**Records contained in a dataset:**
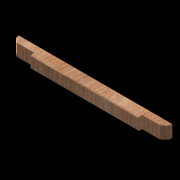
# Autodesk Inventor part: DNW_CON
Saved by Autodesk Inventor 2016 (Build 200138000, 138)
## iProperties
Created: 2017-08-22
Part Number: DNW_CON
Material: Wood (Birch)
Document SubType Name: Modeling
Designer: ludwi
Density: 0.55 g/cm^3
Appearance: Birch - Natural Polished
Author: ludwi
Autodesk Inventor part; units mm, degrees
ref_plane "YZ Plane" through (0, 0, 0) normal (1, 0, 0) x (0, 1, 0)
ref_plane "XZ Plane" through (0, 0, 0) normal (0, 1, 0) x (-1, 0, 0)
ref_plane "XY Plane" through (0, 0, 0) normal (0, 0, 1) x (1, 0, 0)
sketch "Sketch1" plane through (0, 0, 0) normal (0, 0, 1) x (1, 0, 0)
  line L0 (-357.1541, -65.4988) -> (-437.5068, -65.4988) construction
  line L1 (-357.1541, -65.4988) -> (-357.1541, -57.4988) construction
  line L2 (-357.1541, -57.4988) -> (-403.5317, -57.4988) construction
  line L3 (-415.2682, -47.6507) -> (-403.5317, -57.4988) construction
  line L4 (-415.2682, -47.6507) -> (-435.2333, 65.5771) construction
  line L5 (-431.1016, 70.5012) -> (-435.2333, 65.5771) construction
  line L6 (-431.1016, 70.5012) -> (-418.2505, 70.5012) construction
  line L7 (-418.2505, 70.5012) -> (-418.2505, 78.5012) construction
  line L8 (-518.2505, 78.5012) -> (-418.2505, 78.5012) construction
  line L9 (-518.2505, 78.5012) -> (-518.2505, 75.5012) construction
  line L10 (-518.2505, 75.5012) -> (-467.3689, 75.5012) construction
  line L11 (-461.5006, 70.5771) -> (-467.3689, 75.5012) construction
  line L12 (-461.5006, 70.5771) -> (-437.5068, -65.4988) construction
  line L13 (4.0058, -65.4988) -> (-76.3469, -65.4988) construction
  line L14 (4.0058, -65.4988) -> (27.9996, 70.5771) construction
  line L15 (33.8679, 75.5012) -> (27.9996, 70.5771) construction
  line L16 (33.8679, 75.5012) -> (84.7495, 75.5012) construction
  line L17 (84.7495, 75.5012) -> (84.7495, 78.5012) construction
  line L18 (-15.2505, 78.5012) -> (84.7495, 78.5012) construction
  line L19 (-15.2505, 78.5012) -> (-15.2505, 70.5012) construction
  line L20 (-15.2505, 70.5012) -> (-2.3994, 70.5012) construction
  line L21 (1.7323, 65.5771) -> (-2.3994, 70.5012) construction
  line L22 (1.7323, 65.5771) -> (-18.2328, -47.6507) construction
  line L23 (-29.9693, -57.4988) -> (-18.2328, -47.6507) construction
  line L24 (-29.9693, -57.4988) -> (-76.3469, -57.4988) construction
  line L25 (-76.3469, -57.4988) -> (-76.3469, -65.4988) construction
  line L26 (-357.1541, -67.4988) -> (-357.1541, -65.4988) construction
  line L27 (-357.1541, -65.4988) -> (-437.5068, -65.4988) construction
  line L28 (-437.5068, -65.4988) -> (-437.1541, -67.4988) construction
  line L29 (-437.1541, -67.4988) -> (-357.1541, -67.4988) construction
  line L30 (3.6531, -67.4988) -> (4.0058, -65.4988) construction
  line L31 (4.0058, -65.4988) -> (-76.3469, -65.4988) construction
  line L32 (-76.3469, -65.4988) -> (-76.3469, -67.4988) construction
  line L33 (-76.3469, -67.4988) -> (3.6531, -67.4988) construction
  line L34 (-416.865, -38.5948) -> (-16.636, -38.5948)
  line L35 (-16.636, -38.5948) -> (-18.2328, -47.6507)
  line L36 (-18.2328, -47.6507) -> (-29.9693, -57.4988)
  line L37 (-29.9693, -57.4988) -> (-76.3469, -57.4988)
  line L38 (-76.3469, -57.4988) -> (-76.3469, -67.4988)
  line L39 (-76.3469, -67.4988) -> (-357.1541, -67.4988)
  line L40 (-357.1541, -67.4988) -> (-357.1541, -57.4988)
  line L41 (-357.1541, -57.4988) -> (-403.5317, -57.4988)
  line L42 (-403.5317, -57.4988) -> (-415.2682, -47.6507)
  line L43 (-415.2682, -47.6507) -> (-416.865, -38.5948)
  constraints: 20 end point, 5 collinear, 3 perpendicular, 3 point on line, 1 horizontal
extrude "Extrusion1" add sketch "Sketch1" against normal blind 32
sketch "Sketch2" plane through (0, 0, 0) normal (0, 0, 1) x (1, 0, 0)
  line L0 (3.6531, -67.4988) -> (4.0058, -65.4988) projected
  line L1 (4.0058, -65.4988) -> (-76.3469, -65.4988) projected
  line L2 (-76.3469, -65.4988) -> (-76.3469, -67.4988) projected
  line L3 (-76.3469, -67.4988) -> (3.6531, -67.4988) projected
  line L4 (4.0058, -65.4988) -> (-76.3469, -65.4988) projected
  line L5 (4.0058, -65.4988) -> (27.118, 65.5771) projected
  line L6 (-15.2505, 78.5012) -> (-15.2505, 72.5012) projected
  line L7 (1.7323, 65.5771) -> (-18.5801, -49.6204) projected
  line L8 (-76.3469, -59.4988) -> (-76.3469, -65.4988) projected
  line L9 (-357.1541, -65.4988) -> (-437.5068, -65.4988) projected
  line L10 (-357.1541, -65.4988) -> (-357.1541, -59.4988) projected
  line L11 (-414.9209, -49.6204) -> (-435.2333, 65.5771) projected
  line L12 (-418.2505, 72.5012) -> (-418.2505, 78.5012) projected
  line L13 (-460.619, 65.5771) -> (-437.5068, -65.4988) projected
  line L14 (-357.1541, -67.4988) -> (-357.1541, -65.4988) projected
  line L15 (-357.1541, -65.4988) -> (-437.5068, -65.4988) projected
  line L16 (-437.5068, -65.4988) -> (-437.1541, -67.4988) projected
  line L17 (-437.1541, -67.4988) -> (-357.1541, -67.4988) projected
  line L18 (-357.1541, -57.4988) -> (-76.3469, -57.4988)
  line L19 (-76.3469, -57.4988) -> (-76.3469, -67.4988)
  line L20 (-76.3469, -67.4988) -> (-357.1541, -67.4988)
  line L21 (-357.1541, -67.4988) -> (-357.1541, -57.4988)
  line L22 (1.7323, 65.5771) -> (-4.0776, 72.5012) projected
  line L23 (-429.4234, 72.5012) -> (-435.2333, 65.5771) projected
  line L24 (35.3697, 72.5012) -> (27.118, 65.5771) projected
  line L25 (84.7495, 72.5012) -> (84.7495, 78.5012) projected
  line L26 (-518.2505, 78.5012) -> (-518.2505, 72.5012) projected
  line L27 (-460.619, 65.5771) -> (-468.8707, 72.5012) projected
  line L28 (-15.2505, 78.5012) -> (84.7495, 78.5012) projected
  line L29 (-518.2505, 78.5012) -> (-418.2505, 78.5012) projected
  line L30 (-76.3469, -59.4988) -> (-30.3528, -59.4988) projected
  line L31 (84.7495, 72.5012) -> (35.3697, 72.5012) projected
  line L32 (-4.0776, 72.5012) -> (-15.2505, 72.5012) projected
  line L33 (-30.3528, -59.4988) -> (-18.5801, -49.6204) projected
  line L34 (-414.9209, -49.6204) -> (-403.1482, -59.4988) projected
  line L35 (-418.2505, 72.5012) -> (-429.4234, 72.5012) projected
  line L36 (-468.8707, 72.5012) -> (-518.2505, 72.5012) projected
  line L37 (-403.1482, -59.4988) -> (-357.1541, -59.4988) projected
  point P0 (0, 0)
  constraints: 8 end point, 2 parallel, 1 horizontal, 1 perpendicular
extrude "Extrusion2" add sketch "Sketch2" against normal up to surface (32 mm away) contours L20 L14 L10 L21 L18 L19 L8 L2
chamfer "Chamfer1" distance 2 angle 45 2 edges at (-216.7505, -67.4988, -32) (-216.7505, -67.4988, 0)
body "Solid1"

**Exercise goal:** Above are the lines; repeat exactly the ones from the line containing "line L35 (-16.636, -38.5948)" down to the line containing "line L41 (-357.1541, -57.4988)", both inclusive.

**Task result:**
  line L35 (-16.636, -38.5948) -> (-18.2328, -47.6507)
  line L36 (-18.2328, -47.6507) -> (-29.9693, -57.4988)
  line L37 (-29.9693, -57.4988) -> (-76.3469, -57.4988)
  line L38 (-76.3469, -57.4988) -> (-76.3469, -67.4988)
  line L39 (-76.3469, -67.4988) -> (-357.1541, -67.4988)
  line L40 (-357.1541, -67.4988) -> (-357.1541, -57.4988)
  line L41 (-357.1541, -57.4988) -> (-403.5317, -57.4988)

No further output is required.